Section IV: Multimachine Stability
Consider Fig. 9.10, which depicts a number of weights that are suspended by elastic strings. The weights represent generators and the electric transmission lines being represented by the strings. Note that in a transmission system, each transmission line is loaded below its static stability limit. Similarly, when the mechanical system is in static steady state, each string is loaded below its break point. At this point one of the strings is suddenly cut. This will result in transient oscillations in the coupled strings and all the weights will wobble. In the best possible case, this may result in the coupled system settling down to a new steady state. On the other hand, in the worst possible scenario this may result in the breaking of one more additional string, resulting in a chain reaction in which more strings may break forcing a system collapse. In a similar way, in an interconnected electric power network, the tripping of a transmission line may cause a catastrophic failure in which a large number of generators are lost forcing a blackout in a large area.

Modern power systems are interconnected and operate close to their transient and steady state stability limits. In large interconnected systems, it is common to find a natural response of a group of closely coupled machines oscillating against other groups of machines. These oscillations have a frequency range of 0.1 Hz to 0.8 Hz.
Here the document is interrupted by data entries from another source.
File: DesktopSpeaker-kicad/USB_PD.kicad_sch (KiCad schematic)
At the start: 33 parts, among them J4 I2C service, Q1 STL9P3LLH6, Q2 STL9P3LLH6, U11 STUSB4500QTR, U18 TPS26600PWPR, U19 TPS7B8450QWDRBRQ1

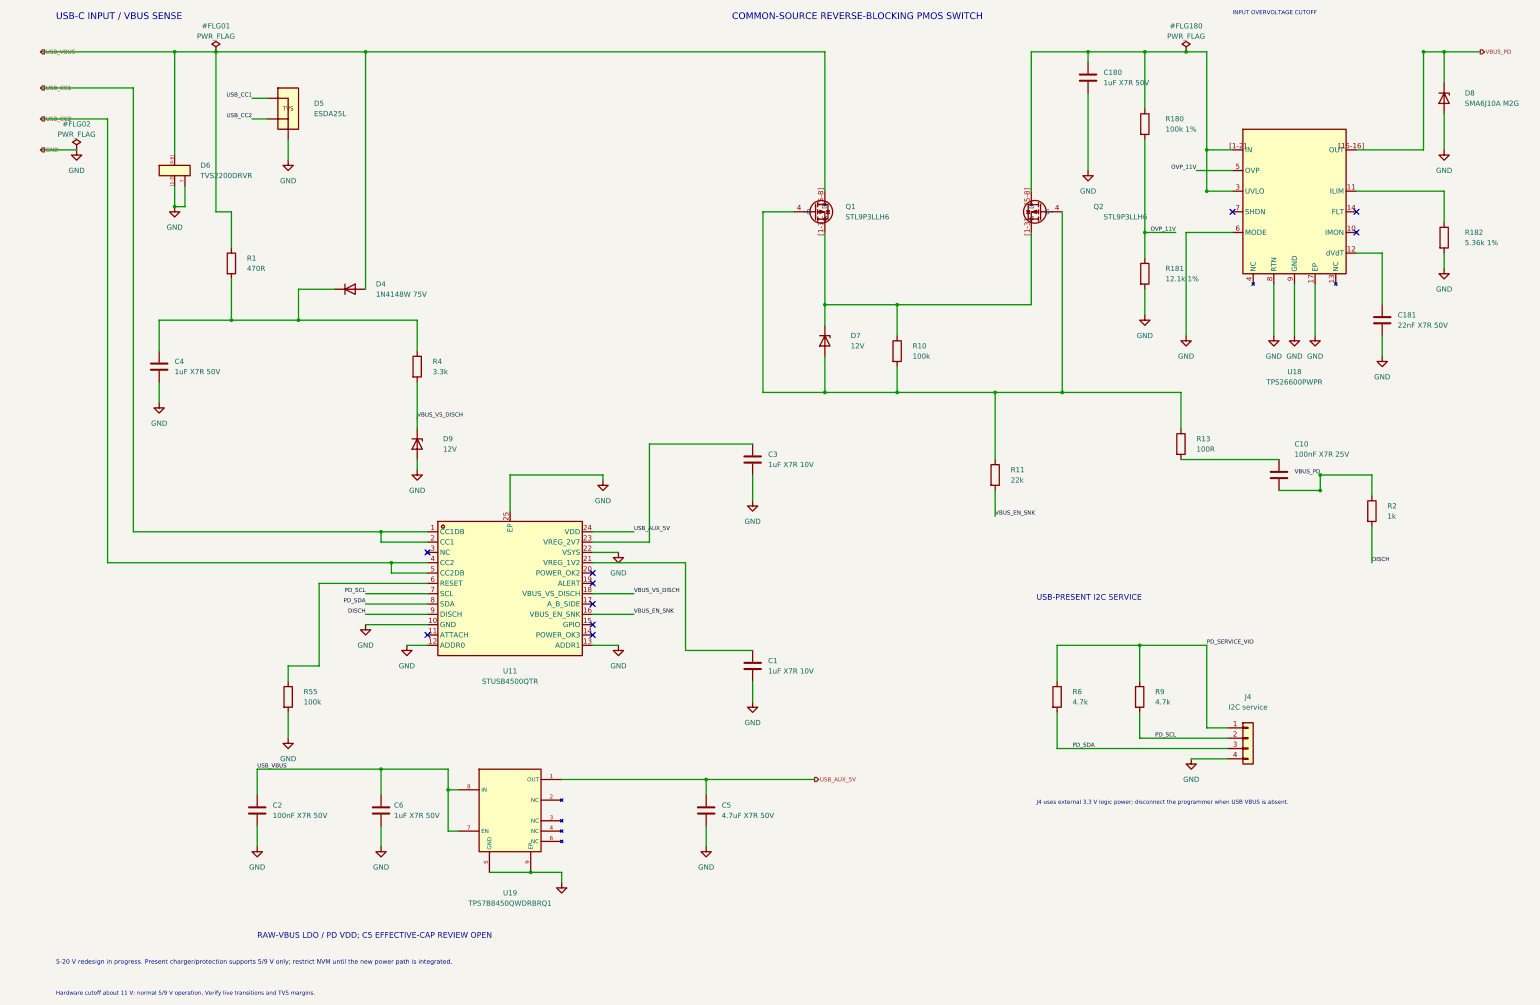
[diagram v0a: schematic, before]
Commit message: Integrate TPS25730D PD and BQ25792 charger into active project (5-20 V); update BOM, plan, handover, preview
Co-Authored-By: Claude Sonnet 5.5 <noreply@anthropic.com>
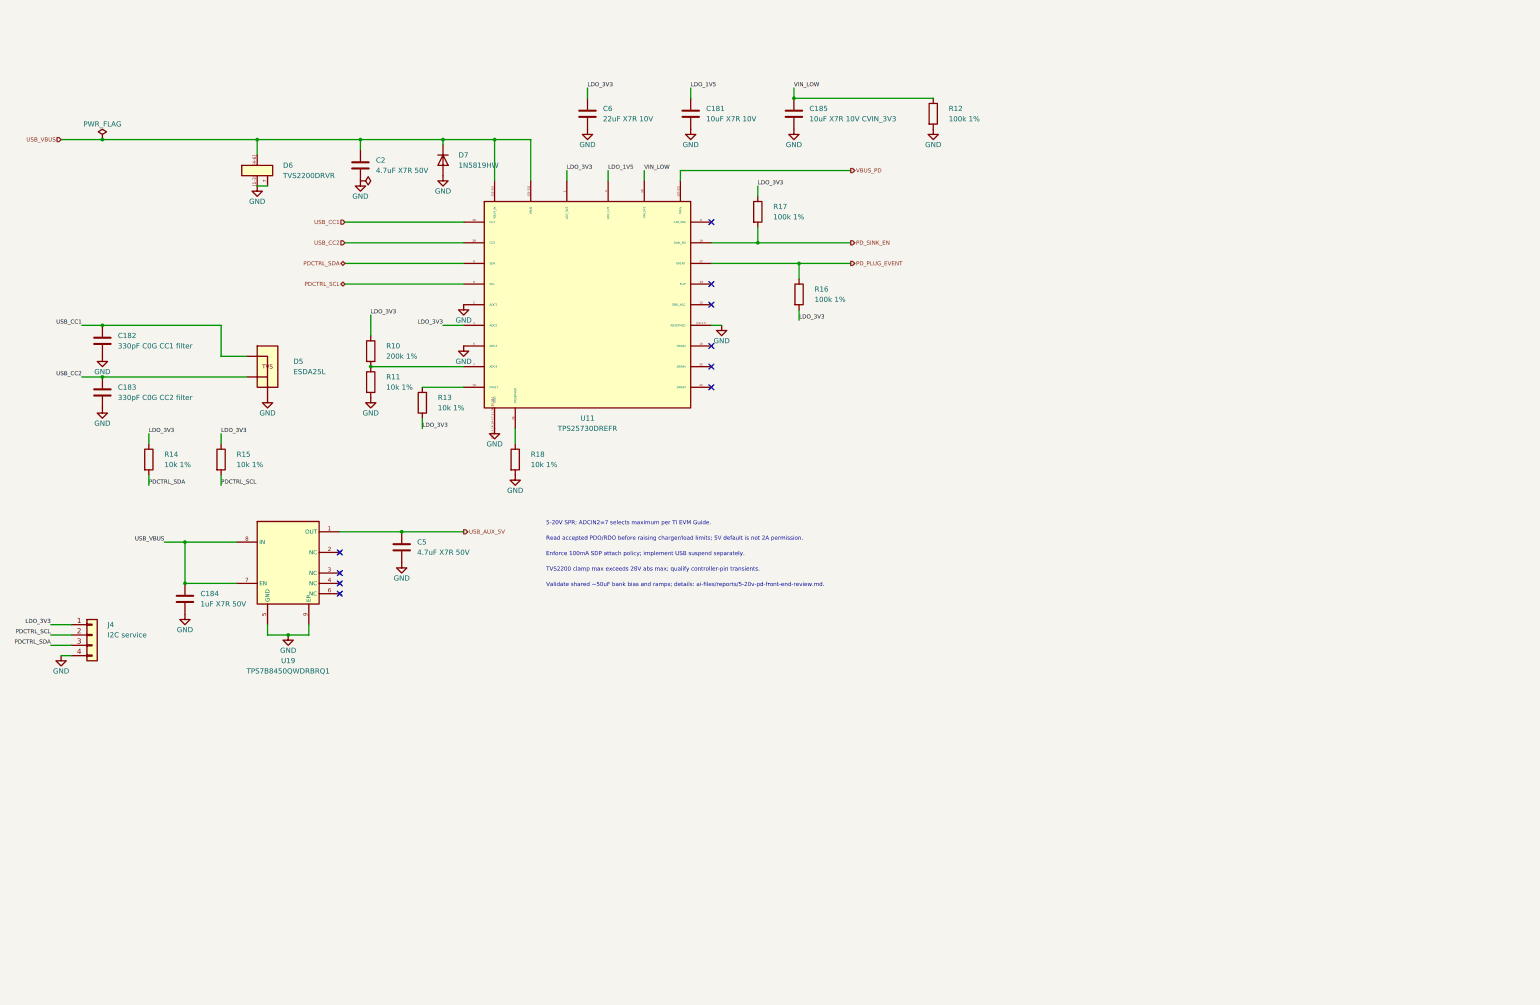
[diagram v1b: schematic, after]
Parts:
- removed C1, C3: 1uF X7R 10V, DesktopSpeaker:PD_C_0603, symbol PD_C:PD_C
- removed C10: 100nF X7R 25V, DesktopSpeaker:PD_C_0805, symbol PD_C:PD_C
- removed C180, C4: 1uF X7R 50V, DesktopSpeaker:PD_C_0805, symbol PD_C:PD_C
- removed D4: 1N4148W 75V, DesktopSpeaker:PD_D_SOD123, symbol PD_DIODE:PD_DIODE
- removed D7, D9: 12V, DesktopSpeaker:BZT52C12-7-F, symbol BZT52C12-7-F:BZT52C12-7-F
- removed D8: SMA6J10A M2G, DesktopSpeaker:SMA6J10A, symbol SMA6J10A:SMA6J10A
- removed Q1, Q2: STL9P3LLH6, DesktopSpeaker:STL9P3LLH6, symbol STL9P3LLH6:STL9P3LLH6
- removed R1: 470R, DesktopSpeaker:PD_R_0603, symbol PD_R:PD_R
- removed R180: 100k 1%, DesktopSpeaker:PD_R_0603, symbol PD_R:PD_R
- removed R181: 12.1k 1%, DesktopSpeaker:PD_R_0603, symbol PD_R:PD_R
- removed R182: 5.36k 1%, DesktopSpeaker:PD_R_0603, symbol PD_R:PD_R
- removed R2: 1k, DesktopSpeaker:PD_R_0603, symbol PD_R:PD_R
- removed R4: 3.3k, DesktopSpeaker:PD_R_1206, symbol PD_R:PD_R
- removed R55: 100k, DesktopSpeaker:PD_R_0603, symbol PD_R:PD_R
- removed R6, R9: 4.7k, DesktopSpeaker:PD_R_0603, symbol PD_R:PD_R
- removed U18: TPS26600PWPR, DesktopSpeaker:TPS26600PWPR, symbol TPS26600PWPR:TPS26600PWPR
- added C182: 330pF C0G CC1 filter, DesktopSpeaker:PD_C_0603, symbol PD_C:PD_C
- added C183: 330pF C0G CC2 filter, DesktopSpeaker:PD_C_0603, symbol PD_C:PD_C
- added C184: 1uF X7R 50V, DesktopSpeaker:PD_C_0805, symbol PD_C:PD_C
- added C185: 10uF X7R 10V CVIN_3V3, DesktopSpeaker:PD_C_0805, symbol PD_C:PD_C
- added D7: 1N5819HW, DesktopSpeaker:PD_D_SOD123, symbol PD_DIODE:PD_DIODE
- added R12, R16, R17: 100k 1%, DesktopSpeaker:PD_R_0603, symbol PD_R:PD_R
- added R14, R15, R18: 10k 1%, DesktopSpeaker:PD_R_0603, symbol PD_R:PD_R
- C181: value 22nF X7R 50V -> 10uF X7R 10V; footprint DesktopSpeaker:PD_C_0603 -> DesktopSpeaker:PD_C_0805; LCSC C21122 -> C32635; LCSC Part C21122 -> C32635; MPN CL10B223KB8NNNC -> CL21B106KPQNNNE
- C2: value 100nF X7R 50V -> 4.7uF X7R 50V; footprint DesktopSpeaker:PD_C_0805 -> DesktopSpeaker:PD_C_1210; LCSC C1711 -> C170099; LCSC Part C1711 -> C170099; MPN CL21B104KBCNNNC -> CL32B475KBUYNNE
- C5: LCSC C51205 -> (none); LCSC Part C51205 -> (none); MPN CL31B475KBHNNNE -> (none); Manufacturer Samsung Electro-Mechanics -> (none)
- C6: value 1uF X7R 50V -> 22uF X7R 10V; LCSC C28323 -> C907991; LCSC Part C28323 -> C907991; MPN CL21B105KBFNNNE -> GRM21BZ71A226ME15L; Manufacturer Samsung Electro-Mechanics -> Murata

The lowest frequency mode involves all generators of the system. This oscillation groups the system into two parts - with generators in one part oscillating against those of the the other part. The higher frequency modes are usually localized with small groups oscillating against each other. Unfortunately, the inter-area oscillation can be initiated by a small disturbance in any part of the system. These small frequency oscillations fall under the category of dynamic stability and are analysed in linear domain through the liberalisation of the entire interconnected systems model.
Inter-area oscillations manifest wherever the power system is heavily interconnected. The oscillations, unless damped, can lead to grid failure and total system collapse. Low frequency oscillations in the range of 0.04 Hz to 0.06 Hz were observed in the Pacific North West region as early as 1950. Improper speed governor control of hydro units created these oscillations. The Northern and Southern regions of WSCC were interconnected by a 230 kV line in 1964. Immediately the system experienced a 0.1 Hz oscillation resulting in over 100 instances of opening of the tie line in the first nine months of operation. Some system damping was provided through the modification in the hydro turbine governors.
A 500 kV pacific intertie and another ± 400 kV HVDC system was commissioned in 1968. This raised the frequency of oscillation from 0.1 Hz to 0.33 Hz and these oscillations could no longer be controlled through governor action alone. In late 1980's a new intertie joined the WSCC system to Alberta and British Columbia in Canada . As a result of this interconnection, the two different oscillation frequencies manifested - one at 0.29 Hz and the other at 0.45 Hz.
Ontario Hydro is one of the largest utilities in North America . Due to the vast and sparsely populated topology of Canada , the operating span of Ontario hydro is over 1000 km from East to West and from North to South. The Ontario Hydro system is connected to the neighbouring Canadian provinces and the North Western region of the United States . In 1959 Ontario Hydro was connected to Michigan in the South and Quebec Hydro in the East. As a result of this connection, a 0.25 Hz oscillation was observed and a result of this it was decided to remove the tie with Quebec and retain the tie to Michigan . The Western portion of Ontario was connected to neighbouring Manitoba in 1956 and then Manitoba was connected to its neighbour Saskatchewan in 1960. This resulted in oscillation in the frequency range 0.35 Hz to 0.45 Hz often tripping the tie. As a result of this, Ontario Hydro decided to commission power system stabilizers for all their generating units since early 1960's. It has also sponsored extensive research in this area.
Through research it was established that the action of automatic voltage regulators caused these oscillations. An automatic voltage regulator (AVR) regulates the generator terminal voltage and also helps in the enhancement of transient stability by reducing the peak of the first swing following any disturbance. However, its high gain contributed to negative damping to the system. The knowledge of this relation resulted in the commissioning of power system stabilizers. It was observed that these oscillations were results of the periodic interchange of kinetic energy between the generator rotors. A power system stabilizer (PSS) provides a negative feedback of the changes in rotor kinetic energy when it is connected to the excitation system thereby providing damping to these small oscillations. The PSS has been a subject of extensive research. The team of Dr. P. Kundur, then with Ontario Hydro, and his co-workers has done extensive research in the area of PSS tuning and its characteristics. Through their vast experience and extensive research, they reported the enhancement of inter-area and local modes through PSS reported in. Since a power system is piece-wise linear, its system characteristics changes with operating point. Therefore an adaptive controller that can tune with the changes in the system has been developed and reported in. It was shown that the adaptive PSS is effective in damping large as well as small disturbances.
The power flow between generators, as evident from (9.4), is dependent on the angle between those generators. The stable operating point of the power system is where the generated power at each station is matched by the electrical power sent out from that station. When there is a mismatch between electrical power out and the generated mechanical shaft power, the generator will accelerate at a rate determined by the power mismatch and the machine inertia as given in (9.14).